On Monday, the brother had said Jackson appeared before the boys naked and sexually aroused as they were watching a movie in his two-story bedroom suite. Jackson assured the boys that "it's OK -- it's natural," the brother said.
But on Thursday, the accuser left out Jackson's comment when relating the incident, recalling it only after Sneddon showed him a page of his grand jury testimony. He did not mention Jackson's alleged erection.
During the boy's testimony about the alleged sexual incidents, Jackson grew animated and slipped notes to his attorneys.
One of his attorneys, Brian Oxman, told reporters that Jackson had tripped and fallen while getting dressed for his court appearance. He said the singer, who shuffled out of court in slippers, had been in "terrible discomfort" all day.
Jackson was treated at a Solvang hospital emergency room for severe back pain, his attorneys said.
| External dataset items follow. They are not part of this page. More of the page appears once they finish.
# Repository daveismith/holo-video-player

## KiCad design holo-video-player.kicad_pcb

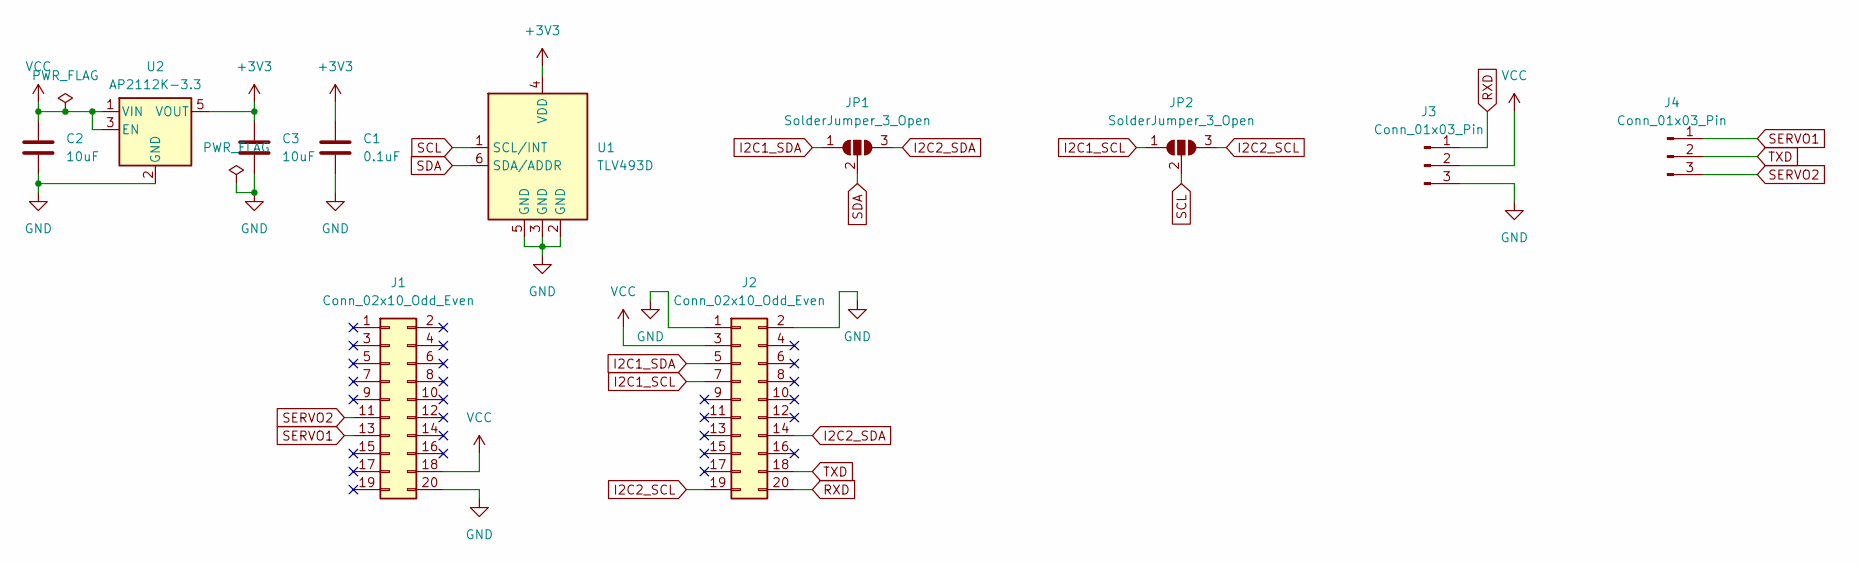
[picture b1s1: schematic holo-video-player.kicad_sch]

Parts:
C1: 0.1uF; C_0402_1005Metric; JLCPCB C14663
C2, C3: 10uF; C_0603_1608Metric; JLCPCB C96446
J1, J2: Conn_02x10_Odd_Even; PinHeader_2x10_P1.27mm_Vertical
J3, J4: Conn_01x03_Pin; JST_SH_SM03B-SRSS-TB_1x03-1MP_P1.00mm_Horizontal; JLCPCB C160403
JP1, JP2: SolderJumper_3_Open; SolderJumper-3_P1.3mm_Open_RoundedPad1.0x1.5mm
U1: TLV493D; SOT-23-6; JLCPCB C126688
U2: AP2112K-3.3; SOT-23-5; JLCPCB C51118

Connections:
+3V3: C1.1, C3.1, U1.4 (VDD), U2.5 (VOUT)
GND: C1.2, C2.2, C3.2, J1.20, J2.1, J2.2, J3.3, U1.2 (GND), U1.3 (GND), U1.5 (GND), U2.2 (GND)
I2C1_SCL: J2.7, JP2.1 (A)
I2C1_SDA: J2.5, JP1.1 (A)
I2C2_SCL: J2.19, JP2.3 (B)
I2C2_SDA: J2.14, JP1.3 (B)
RXD: J2.20, J3.1
SCL: JP2.2 (C), U1.1 (SCL/INT)
SDA: JP1.2 (C), U1.6 (SDA/ADDR)
SERVO1: J1.13, J4.1
SERVO2: J1.11, J4.3
TXD: J2.18, J4.2
VCC: C2.1, J1.18, J2.3, J3.2, U2.1 (VIN), U2.3 (EN)

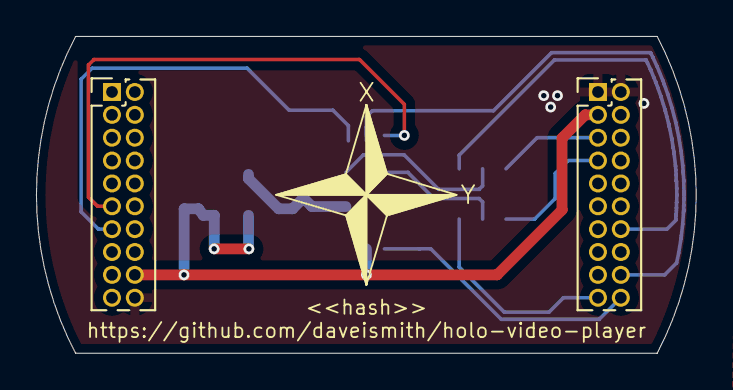
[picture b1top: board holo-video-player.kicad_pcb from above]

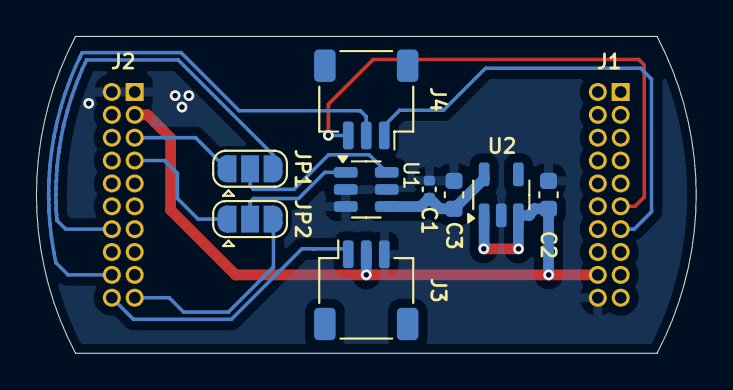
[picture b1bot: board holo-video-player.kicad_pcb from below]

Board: 2 copper layers, 36.7 x 17.6 mm, 11 parts (9 on the bottom side), 13 nets.

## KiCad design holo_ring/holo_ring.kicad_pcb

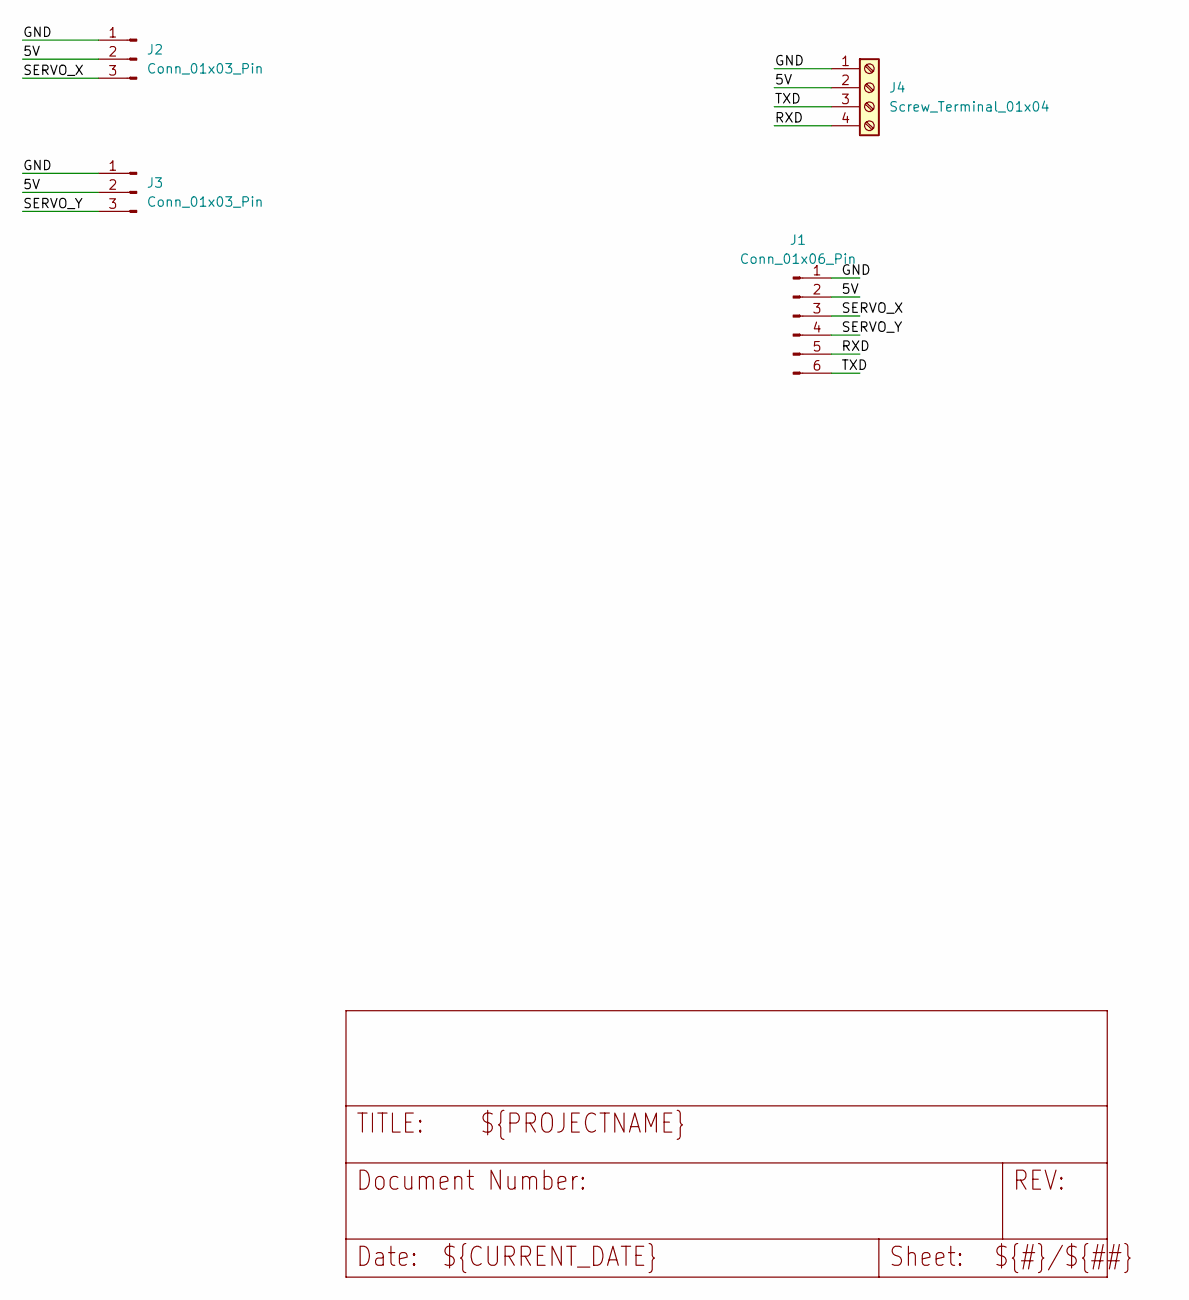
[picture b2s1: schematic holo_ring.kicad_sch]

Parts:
J1: Conn_01x06_Pin; JST_SH_SM06B-SRSS-TB_1x06-1MP_P1.00mm_Horizontal
J2, J3: Conn_01x03_Pin; PinHeader_1x03_P2.54mm_Vertical
J4: Screw_Terminal_01x04; TerminalBlock_TE_282834-4_1x04_P2.54mm_Horizontal

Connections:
/5V: J1.2, J2.2, J3.2, J4.2
/GND: J1.1, J2.1, J3.1, J4.1
/RXD: J1.5, J4.4
/SERVO_X: J1.3, J2.3
/SERVO_Y: J1.4, J3.3
/TXD: J1.6, J4.3

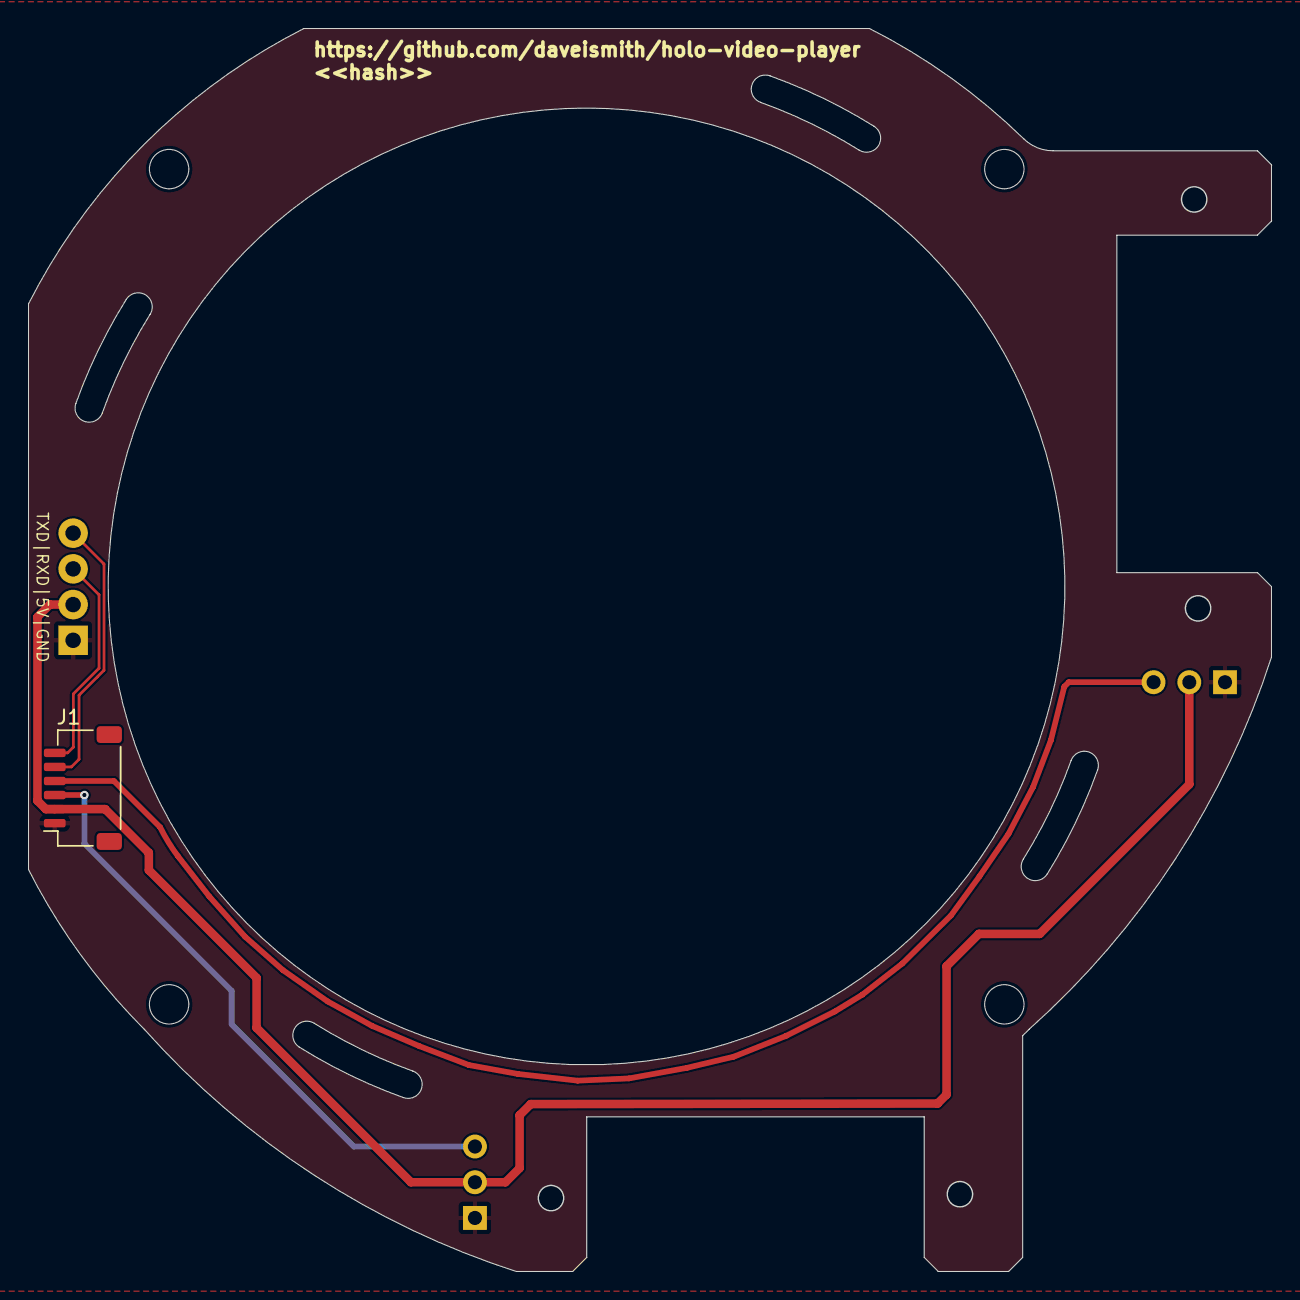
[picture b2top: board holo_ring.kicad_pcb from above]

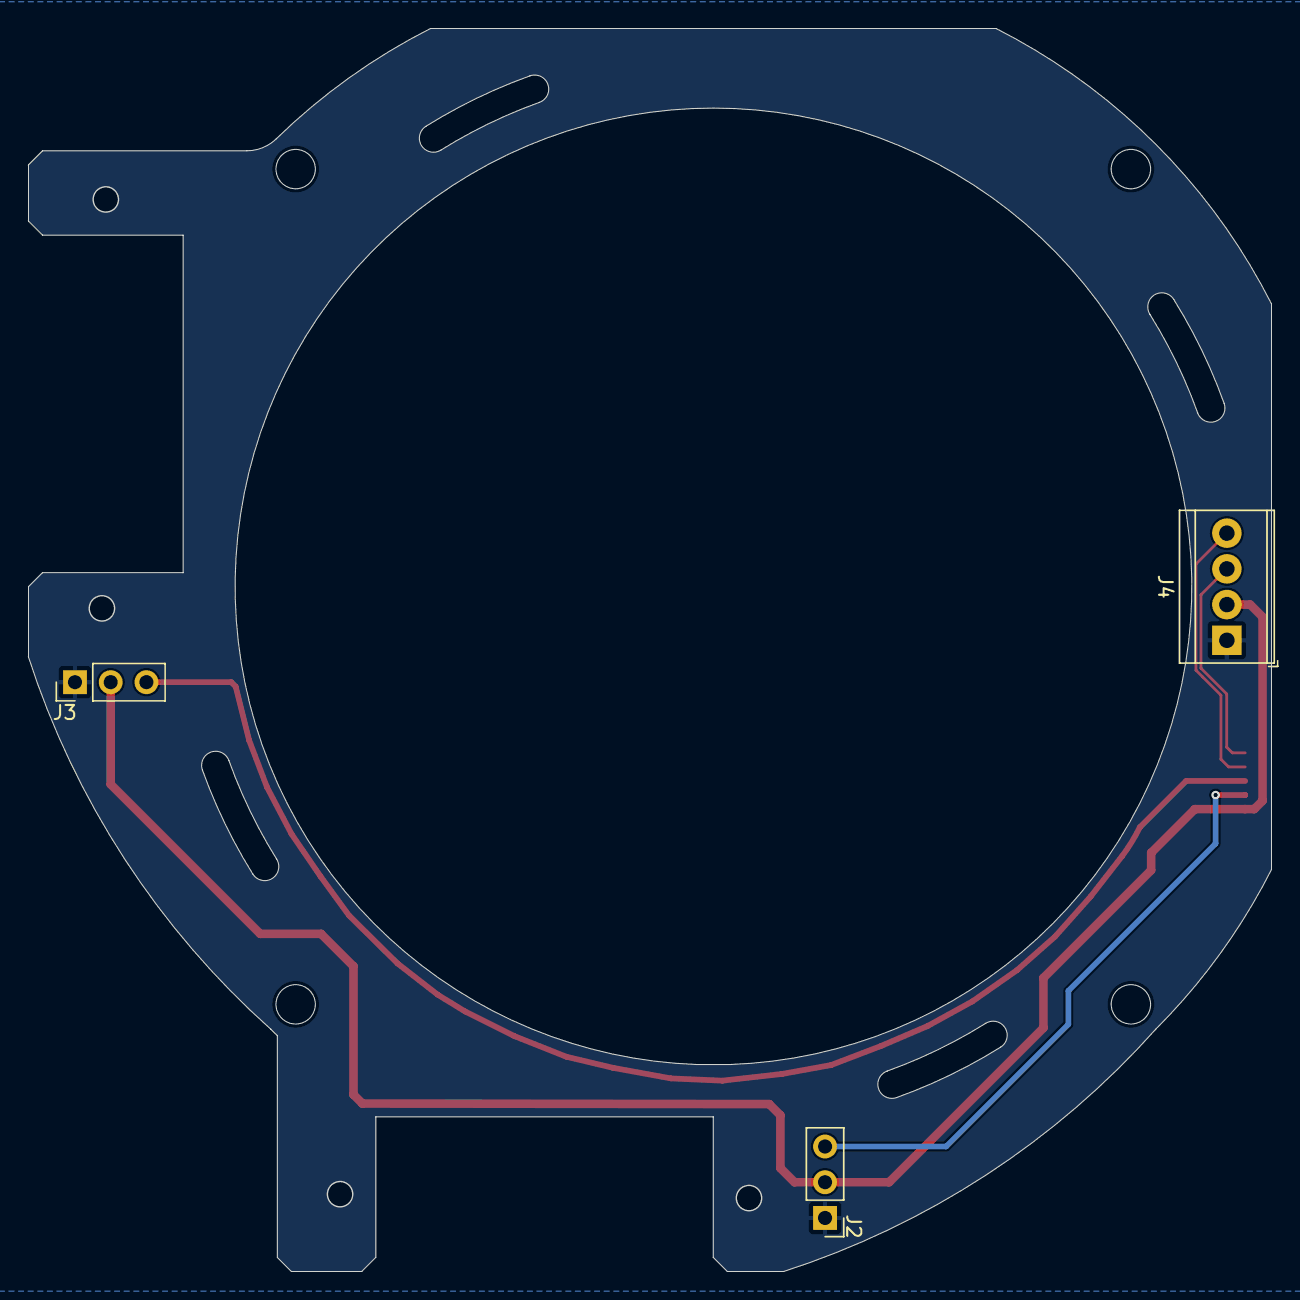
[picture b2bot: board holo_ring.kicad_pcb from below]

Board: 2 copper layers, 88.3 x 88.3 mm, 8 parts (3 on the bottom side), 6 nets.

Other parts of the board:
@HOLE0, @HOLE1, @HOLE2, @HOLE3: (no value)

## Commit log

2024-07-15 Updates to make hash work in for all PCB files instead of specifying the specific file.
2024-07-15 Switching from 4-layer to 2-layer export config
2024-07-15 Adding JLCPCB Part Registrations.
2024-07-22 Adding outer ring for Holo Projector
2024-07-22 Correcting part number on Holo Video Player Board

But his late arrival at court clearly upset the judge, who just last month had halted jury selection when Jackson had the flu.
At 8:35 a.m., Melville issued the warrant, threatening Jackson with jail if he couldn't make it to court within an hour and saying he could order forfeiture of the singer's $3-million bail bond.
At about 9:40 a.m., Jackson hobbled in from his chauffeured SUV, supported by his parents and his security personnel and shaded by an assistant holding an umbrella. For more than an hour, Mesereau had been anxiously pacing with his cellphone plastered to his ear.
At the end of the day, the judge revoked the arrest warrant and allowed Jackson to reinstate the bond.
Whether the episode will affect the jury is unknown. Melville told the panel that Jackson was late because of a medical problem and that he had ordered the singer to leave the hospital to come to court.
"It has nothing to do with guilt or innocence," the judge said.